Zira şair de, “Bizim Hüda’ya nidamız rızık için değildir hâşâ,/ Hüda rezzak-ı âlemdir rızıksız insan yaratmaz ya!” demekle bu gerçeğe parmak basmıştır. Demek tedbirin korkaklık anlamında anlaşılması asla kabul edilemez.
Hatta ona işareten de: “Beyhude imiş ‘tedbir’ eylemek,/ Kimsenin haddi değil takdiri tebdil eylemek” denilmiş. Bu vecizelerden anlaşılması gereken ise; bize düşeni yapıp gerisi için Allah’a tevekkül etmektir.

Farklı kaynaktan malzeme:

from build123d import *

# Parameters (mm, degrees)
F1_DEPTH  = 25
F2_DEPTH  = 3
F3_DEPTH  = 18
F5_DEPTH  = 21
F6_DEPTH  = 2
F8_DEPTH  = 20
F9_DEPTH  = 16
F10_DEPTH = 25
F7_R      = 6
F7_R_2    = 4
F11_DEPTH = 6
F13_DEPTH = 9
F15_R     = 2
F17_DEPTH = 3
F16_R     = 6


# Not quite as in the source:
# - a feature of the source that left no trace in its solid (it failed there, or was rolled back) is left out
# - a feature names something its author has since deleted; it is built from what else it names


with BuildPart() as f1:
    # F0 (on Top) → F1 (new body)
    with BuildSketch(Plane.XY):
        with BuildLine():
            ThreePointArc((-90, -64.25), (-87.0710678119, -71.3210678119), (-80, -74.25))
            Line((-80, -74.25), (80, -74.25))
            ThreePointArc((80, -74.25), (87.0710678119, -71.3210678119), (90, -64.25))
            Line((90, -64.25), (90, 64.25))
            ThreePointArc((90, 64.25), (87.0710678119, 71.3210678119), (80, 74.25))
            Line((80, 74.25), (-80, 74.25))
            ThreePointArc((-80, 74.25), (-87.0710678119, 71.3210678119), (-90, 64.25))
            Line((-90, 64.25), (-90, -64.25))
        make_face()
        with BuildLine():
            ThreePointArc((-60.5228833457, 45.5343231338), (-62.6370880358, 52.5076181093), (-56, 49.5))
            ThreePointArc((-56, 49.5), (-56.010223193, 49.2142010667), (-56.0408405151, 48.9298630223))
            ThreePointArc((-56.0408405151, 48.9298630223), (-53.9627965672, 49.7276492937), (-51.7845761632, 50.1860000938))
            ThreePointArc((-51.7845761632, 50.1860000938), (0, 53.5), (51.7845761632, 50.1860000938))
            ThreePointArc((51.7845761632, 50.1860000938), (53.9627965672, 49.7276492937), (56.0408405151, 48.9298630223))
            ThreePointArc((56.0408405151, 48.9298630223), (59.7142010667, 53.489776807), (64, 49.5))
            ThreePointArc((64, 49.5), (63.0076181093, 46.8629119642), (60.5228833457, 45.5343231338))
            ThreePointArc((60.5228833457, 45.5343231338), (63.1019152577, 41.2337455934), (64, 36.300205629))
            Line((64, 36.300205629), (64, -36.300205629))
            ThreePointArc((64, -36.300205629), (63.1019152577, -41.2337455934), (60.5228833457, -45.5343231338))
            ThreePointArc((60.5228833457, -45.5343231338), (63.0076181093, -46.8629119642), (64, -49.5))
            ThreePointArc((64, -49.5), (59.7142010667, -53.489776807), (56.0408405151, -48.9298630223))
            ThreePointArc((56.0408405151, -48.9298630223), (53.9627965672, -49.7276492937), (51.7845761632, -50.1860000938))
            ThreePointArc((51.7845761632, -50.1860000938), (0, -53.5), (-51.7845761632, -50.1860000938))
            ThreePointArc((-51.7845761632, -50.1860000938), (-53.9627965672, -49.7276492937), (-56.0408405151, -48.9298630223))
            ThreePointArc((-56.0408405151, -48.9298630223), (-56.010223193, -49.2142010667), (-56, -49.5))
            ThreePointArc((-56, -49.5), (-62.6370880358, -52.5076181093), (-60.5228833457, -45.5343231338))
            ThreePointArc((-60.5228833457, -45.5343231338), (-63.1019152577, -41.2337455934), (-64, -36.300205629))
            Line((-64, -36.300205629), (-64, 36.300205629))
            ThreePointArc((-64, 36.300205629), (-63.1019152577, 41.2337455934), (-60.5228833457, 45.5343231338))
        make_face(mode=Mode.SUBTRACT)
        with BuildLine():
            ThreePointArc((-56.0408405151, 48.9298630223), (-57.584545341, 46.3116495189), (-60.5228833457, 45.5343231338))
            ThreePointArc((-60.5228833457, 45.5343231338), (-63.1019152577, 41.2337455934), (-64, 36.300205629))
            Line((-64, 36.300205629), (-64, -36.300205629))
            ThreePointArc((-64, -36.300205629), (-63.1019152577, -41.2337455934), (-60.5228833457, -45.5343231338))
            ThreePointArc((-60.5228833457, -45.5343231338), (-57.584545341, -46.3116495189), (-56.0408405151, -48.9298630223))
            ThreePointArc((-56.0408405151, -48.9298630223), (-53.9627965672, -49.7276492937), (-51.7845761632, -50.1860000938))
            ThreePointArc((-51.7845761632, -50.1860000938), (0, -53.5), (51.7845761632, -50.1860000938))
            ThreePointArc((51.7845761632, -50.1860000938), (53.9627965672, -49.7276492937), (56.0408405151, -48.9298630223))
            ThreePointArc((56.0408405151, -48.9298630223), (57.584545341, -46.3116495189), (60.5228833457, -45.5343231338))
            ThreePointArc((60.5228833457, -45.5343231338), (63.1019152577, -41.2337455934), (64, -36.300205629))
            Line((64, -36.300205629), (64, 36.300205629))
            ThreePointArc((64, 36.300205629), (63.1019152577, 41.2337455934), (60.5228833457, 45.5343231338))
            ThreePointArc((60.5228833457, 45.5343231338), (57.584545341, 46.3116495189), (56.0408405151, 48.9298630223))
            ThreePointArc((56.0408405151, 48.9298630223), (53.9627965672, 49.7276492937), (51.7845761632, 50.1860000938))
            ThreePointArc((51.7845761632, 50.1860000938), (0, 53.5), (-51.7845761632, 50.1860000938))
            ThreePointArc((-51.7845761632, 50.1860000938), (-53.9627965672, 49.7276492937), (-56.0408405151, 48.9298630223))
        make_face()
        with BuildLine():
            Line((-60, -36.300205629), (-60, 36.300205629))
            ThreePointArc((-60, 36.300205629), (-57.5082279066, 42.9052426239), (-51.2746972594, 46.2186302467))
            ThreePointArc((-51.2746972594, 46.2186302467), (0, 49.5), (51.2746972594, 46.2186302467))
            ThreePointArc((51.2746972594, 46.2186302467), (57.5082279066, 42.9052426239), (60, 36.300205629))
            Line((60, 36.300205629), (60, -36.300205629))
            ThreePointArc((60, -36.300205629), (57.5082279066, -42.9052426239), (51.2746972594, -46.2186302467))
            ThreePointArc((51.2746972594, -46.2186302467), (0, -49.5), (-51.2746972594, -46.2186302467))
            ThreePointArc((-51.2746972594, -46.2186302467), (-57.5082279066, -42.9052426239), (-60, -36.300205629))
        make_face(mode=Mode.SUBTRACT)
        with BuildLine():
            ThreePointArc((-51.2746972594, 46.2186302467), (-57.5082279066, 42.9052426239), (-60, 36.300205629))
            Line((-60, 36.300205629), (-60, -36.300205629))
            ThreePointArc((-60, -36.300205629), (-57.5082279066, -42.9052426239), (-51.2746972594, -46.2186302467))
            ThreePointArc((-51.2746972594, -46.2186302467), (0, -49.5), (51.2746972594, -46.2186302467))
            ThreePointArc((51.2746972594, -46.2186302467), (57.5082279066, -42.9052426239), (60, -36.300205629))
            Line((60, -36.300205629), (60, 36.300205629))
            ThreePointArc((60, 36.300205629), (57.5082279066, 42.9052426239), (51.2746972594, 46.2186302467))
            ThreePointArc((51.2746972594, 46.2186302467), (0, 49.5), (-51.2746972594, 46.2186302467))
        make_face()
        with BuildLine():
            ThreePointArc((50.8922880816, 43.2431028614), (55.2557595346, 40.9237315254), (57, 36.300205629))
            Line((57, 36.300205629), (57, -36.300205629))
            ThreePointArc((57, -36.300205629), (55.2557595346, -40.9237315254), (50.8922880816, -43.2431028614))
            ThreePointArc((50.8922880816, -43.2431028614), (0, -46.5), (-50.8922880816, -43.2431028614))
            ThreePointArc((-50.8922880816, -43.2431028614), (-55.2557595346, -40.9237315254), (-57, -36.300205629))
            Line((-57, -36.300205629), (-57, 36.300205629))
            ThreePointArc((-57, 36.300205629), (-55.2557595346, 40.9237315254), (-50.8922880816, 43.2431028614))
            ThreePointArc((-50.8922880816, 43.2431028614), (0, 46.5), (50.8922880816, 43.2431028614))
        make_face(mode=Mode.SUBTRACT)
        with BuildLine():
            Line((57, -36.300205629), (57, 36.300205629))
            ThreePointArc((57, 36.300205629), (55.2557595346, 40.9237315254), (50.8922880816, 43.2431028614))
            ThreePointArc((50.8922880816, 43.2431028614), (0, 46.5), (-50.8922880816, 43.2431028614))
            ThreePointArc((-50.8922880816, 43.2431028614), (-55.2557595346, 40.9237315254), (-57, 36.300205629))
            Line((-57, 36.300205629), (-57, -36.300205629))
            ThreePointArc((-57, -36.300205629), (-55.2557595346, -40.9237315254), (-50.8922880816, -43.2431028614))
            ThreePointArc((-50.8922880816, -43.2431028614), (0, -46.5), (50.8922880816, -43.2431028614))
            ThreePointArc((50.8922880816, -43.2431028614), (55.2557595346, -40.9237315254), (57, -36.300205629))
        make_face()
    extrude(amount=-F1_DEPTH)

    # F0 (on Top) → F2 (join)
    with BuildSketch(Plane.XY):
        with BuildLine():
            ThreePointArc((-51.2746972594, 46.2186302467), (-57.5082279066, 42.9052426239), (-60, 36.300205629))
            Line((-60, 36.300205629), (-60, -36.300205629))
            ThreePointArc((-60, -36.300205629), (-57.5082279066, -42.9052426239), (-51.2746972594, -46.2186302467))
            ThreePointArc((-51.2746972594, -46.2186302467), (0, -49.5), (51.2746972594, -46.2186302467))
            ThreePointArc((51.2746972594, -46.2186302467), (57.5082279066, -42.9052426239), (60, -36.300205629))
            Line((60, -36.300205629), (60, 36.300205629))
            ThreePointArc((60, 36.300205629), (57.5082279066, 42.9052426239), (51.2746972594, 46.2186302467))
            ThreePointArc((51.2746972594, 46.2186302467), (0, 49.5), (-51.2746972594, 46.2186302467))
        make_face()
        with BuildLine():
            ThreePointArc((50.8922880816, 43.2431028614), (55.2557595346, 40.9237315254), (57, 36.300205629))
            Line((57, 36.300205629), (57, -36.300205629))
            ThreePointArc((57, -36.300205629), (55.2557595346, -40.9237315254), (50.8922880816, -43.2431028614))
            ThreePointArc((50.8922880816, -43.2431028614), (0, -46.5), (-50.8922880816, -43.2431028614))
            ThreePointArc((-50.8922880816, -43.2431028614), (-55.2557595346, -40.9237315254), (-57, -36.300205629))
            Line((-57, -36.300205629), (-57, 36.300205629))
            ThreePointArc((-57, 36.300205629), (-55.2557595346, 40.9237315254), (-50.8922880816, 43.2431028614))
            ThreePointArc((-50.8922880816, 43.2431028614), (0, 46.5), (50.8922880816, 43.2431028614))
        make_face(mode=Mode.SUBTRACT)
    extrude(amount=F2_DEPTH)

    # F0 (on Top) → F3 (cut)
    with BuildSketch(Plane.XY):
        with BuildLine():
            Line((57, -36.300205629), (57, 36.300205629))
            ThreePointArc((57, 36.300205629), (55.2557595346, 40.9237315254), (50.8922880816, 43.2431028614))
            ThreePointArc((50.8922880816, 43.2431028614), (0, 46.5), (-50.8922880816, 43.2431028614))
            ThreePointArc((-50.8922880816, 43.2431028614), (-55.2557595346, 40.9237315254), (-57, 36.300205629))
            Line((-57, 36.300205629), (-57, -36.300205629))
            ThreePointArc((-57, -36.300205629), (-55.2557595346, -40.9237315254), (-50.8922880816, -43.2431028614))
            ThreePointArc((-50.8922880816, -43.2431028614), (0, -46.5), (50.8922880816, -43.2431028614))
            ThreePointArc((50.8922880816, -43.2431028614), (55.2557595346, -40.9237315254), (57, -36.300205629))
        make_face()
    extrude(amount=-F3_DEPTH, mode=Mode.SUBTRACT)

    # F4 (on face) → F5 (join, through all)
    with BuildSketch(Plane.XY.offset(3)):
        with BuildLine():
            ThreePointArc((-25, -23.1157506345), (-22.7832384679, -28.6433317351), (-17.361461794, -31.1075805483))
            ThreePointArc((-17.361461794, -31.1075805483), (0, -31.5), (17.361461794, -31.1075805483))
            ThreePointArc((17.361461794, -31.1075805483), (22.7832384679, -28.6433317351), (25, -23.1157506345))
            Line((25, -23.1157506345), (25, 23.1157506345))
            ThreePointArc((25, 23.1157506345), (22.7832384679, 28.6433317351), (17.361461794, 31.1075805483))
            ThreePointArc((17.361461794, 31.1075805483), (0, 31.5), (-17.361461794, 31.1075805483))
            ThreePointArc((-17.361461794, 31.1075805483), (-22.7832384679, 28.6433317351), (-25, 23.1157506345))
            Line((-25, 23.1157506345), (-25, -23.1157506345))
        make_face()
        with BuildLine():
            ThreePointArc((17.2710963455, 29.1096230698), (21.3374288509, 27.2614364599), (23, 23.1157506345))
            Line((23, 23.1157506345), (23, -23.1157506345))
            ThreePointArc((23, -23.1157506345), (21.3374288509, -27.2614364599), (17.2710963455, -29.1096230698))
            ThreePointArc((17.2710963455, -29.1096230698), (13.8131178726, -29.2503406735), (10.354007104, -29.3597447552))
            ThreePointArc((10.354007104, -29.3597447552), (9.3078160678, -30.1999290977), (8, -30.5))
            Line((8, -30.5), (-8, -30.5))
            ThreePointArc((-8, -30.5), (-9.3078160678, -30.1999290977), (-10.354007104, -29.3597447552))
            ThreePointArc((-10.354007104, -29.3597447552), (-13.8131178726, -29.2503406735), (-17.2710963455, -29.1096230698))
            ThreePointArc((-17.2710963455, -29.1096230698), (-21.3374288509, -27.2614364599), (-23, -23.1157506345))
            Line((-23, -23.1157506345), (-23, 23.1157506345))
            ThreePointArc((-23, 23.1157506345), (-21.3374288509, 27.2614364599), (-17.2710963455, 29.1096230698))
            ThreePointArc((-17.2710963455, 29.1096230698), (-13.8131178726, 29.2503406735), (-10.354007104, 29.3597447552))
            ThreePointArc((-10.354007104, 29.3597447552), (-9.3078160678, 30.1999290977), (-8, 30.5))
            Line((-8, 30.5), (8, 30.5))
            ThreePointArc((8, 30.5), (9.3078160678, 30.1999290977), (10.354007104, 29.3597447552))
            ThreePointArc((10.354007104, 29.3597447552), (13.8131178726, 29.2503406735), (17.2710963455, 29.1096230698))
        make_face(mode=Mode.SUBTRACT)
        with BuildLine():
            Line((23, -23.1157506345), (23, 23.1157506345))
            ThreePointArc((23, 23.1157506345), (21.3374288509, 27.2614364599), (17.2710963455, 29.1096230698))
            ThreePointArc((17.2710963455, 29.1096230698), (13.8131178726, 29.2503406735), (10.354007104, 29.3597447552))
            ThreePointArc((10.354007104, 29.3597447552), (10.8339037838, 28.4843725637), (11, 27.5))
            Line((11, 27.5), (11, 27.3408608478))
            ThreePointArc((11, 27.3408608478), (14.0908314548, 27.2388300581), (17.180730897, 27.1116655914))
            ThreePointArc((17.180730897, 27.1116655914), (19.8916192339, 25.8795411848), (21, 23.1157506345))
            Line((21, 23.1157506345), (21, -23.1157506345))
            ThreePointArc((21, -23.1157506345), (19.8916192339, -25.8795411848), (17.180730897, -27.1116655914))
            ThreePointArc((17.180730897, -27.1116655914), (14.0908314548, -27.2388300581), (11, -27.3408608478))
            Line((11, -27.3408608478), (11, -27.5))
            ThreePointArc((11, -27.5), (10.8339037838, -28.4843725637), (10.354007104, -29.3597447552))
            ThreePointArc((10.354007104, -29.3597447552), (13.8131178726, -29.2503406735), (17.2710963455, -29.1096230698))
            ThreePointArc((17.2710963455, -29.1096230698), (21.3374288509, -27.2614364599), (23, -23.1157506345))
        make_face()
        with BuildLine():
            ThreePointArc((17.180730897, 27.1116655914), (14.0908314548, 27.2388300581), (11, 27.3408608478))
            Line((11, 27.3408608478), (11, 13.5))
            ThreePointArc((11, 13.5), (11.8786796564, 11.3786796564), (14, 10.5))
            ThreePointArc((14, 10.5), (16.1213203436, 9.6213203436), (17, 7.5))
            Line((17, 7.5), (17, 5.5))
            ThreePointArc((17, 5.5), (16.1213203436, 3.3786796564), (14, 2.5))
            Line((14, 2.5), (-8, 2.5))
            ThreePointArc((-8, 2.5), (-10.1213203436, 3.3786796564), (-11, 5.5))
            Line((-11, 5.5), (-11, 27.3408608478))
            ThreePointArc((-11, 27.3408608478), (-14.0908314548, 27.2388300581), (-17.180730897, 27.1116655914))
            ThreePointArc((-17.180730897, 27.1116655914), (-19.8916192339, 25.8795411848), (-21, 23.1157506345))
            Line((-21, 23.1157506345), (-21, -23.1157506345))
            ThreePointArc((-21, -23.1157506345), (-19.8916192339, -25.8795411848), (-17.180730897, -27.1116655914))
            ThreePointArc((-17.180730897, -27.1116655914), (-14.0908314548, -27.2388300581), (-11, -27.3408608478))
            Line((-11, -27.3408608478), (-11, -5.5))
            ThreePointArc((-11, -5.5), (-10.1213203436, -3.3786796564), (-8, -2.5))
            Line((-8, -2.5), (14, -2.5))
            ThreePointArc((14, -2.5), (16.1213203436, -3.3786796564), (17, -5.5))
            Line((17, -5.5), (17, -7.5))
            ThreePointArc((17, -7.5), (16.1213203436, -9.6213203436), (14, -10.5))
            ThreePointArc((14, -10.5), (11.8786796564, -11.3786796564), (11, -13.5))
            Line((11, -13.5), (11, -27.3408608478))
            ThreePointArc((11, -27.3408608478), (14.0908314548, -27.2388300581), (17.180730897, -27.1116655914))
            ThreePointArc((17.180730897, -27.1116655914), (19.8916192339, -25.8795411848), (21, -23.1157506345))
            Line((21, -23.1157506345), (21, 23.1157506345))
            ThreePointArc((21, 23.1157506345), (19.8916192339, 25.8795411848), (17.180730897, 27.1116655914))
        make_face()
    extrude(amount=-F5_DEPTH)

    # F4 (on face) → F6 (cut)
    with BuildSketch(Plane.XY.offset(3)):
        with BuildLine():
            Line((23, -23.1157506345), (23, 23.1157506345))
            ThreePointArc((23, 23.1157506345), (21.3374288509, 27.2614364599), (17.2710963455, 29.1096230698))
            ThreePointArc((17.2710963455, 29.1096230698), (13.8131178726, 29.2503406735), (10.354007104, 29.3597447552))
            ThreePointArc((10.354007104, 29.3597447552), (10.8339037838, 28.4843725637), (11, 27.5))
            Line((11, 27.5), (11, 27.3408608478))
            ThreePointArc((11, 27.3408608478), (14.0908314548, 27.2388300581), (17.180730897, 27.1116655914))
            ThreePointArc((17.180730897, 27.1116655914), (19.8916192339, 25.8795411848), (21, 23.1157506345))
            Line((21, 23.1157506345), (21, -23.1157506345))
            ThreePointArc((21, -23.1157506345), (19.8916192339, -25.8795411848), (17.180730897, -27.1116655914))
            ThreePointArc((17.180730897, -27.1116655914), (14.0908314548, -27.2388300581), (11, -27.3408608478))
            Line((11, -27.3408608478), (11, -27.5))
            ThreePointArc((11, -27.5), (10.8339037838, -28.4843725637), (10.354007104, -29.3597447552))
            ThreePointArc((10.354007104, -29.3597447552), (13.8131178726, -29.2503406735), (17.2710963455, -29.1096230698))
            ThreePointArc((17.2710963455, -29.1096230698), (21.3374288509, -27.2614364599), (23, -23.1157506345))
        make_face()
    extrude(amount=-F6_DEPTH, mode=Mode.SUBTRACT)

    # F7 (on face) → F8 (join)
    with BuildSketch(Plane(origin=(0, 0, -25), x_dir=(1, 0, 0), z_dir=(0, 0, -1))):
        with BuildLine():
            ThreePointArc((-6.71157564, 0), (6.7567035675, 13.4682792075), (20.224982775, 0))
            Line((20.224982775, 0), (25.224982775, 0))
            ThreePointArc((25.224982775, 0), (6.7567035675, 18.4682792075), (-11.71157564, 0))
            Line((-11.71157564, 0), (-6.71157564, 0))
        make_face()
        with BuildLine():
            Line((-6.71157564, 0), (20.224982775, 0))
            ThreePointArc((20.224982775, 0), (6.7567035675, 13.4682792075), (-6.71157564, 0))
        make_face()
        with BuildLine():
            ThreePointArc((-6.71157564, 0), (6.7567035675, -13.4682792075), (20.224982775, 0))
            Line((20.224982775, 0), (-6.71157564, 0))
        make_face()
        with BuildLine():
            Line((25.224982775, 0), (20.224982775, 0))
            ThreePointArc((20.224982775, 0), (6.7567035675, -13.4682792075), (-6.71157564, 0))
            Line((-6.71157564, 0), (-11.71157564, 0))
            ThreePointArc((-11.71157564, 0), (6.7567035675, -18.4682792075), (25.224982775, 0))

Çünkü her şeye rağmen hükümran olan Allah’dır (cc) ve meşiet-i İlâhiye esastır. Kulun ne neticenin iyi olacağını garanti görüp şımarmaya ne de ye’se düşüp isyana hakkı vardır. Bu hususu te’yiden ise bize, “Dua edin icabet edeyim.” (Mü’min Suresi, 60) ve “İnsan için ancak çalıştığı vardır.” (Necm, 39) gibi teminatlar da veriliyor. Yani en güzeli; tedbiri de, fiilî dua olarak anlamaktır.
Aynı zamanda tedbir; hayatımızın, en hayatî gerçeklerinden biridir. Müdebbir-i hakikî ise Cenab-ı Allah’tır. Yani bu kadar hayatî önemine rağmen çoğu insan bu meselede, ya ihmalkâr davranmaktadır ya “hüsn-ü zan adem-i itimat” düsturuna riayet edememektedir. Fakat hayat kanunları, elektriğin çarpması gibi acımasızdır. Kontrol kalemini elden düşürmemek gerekir.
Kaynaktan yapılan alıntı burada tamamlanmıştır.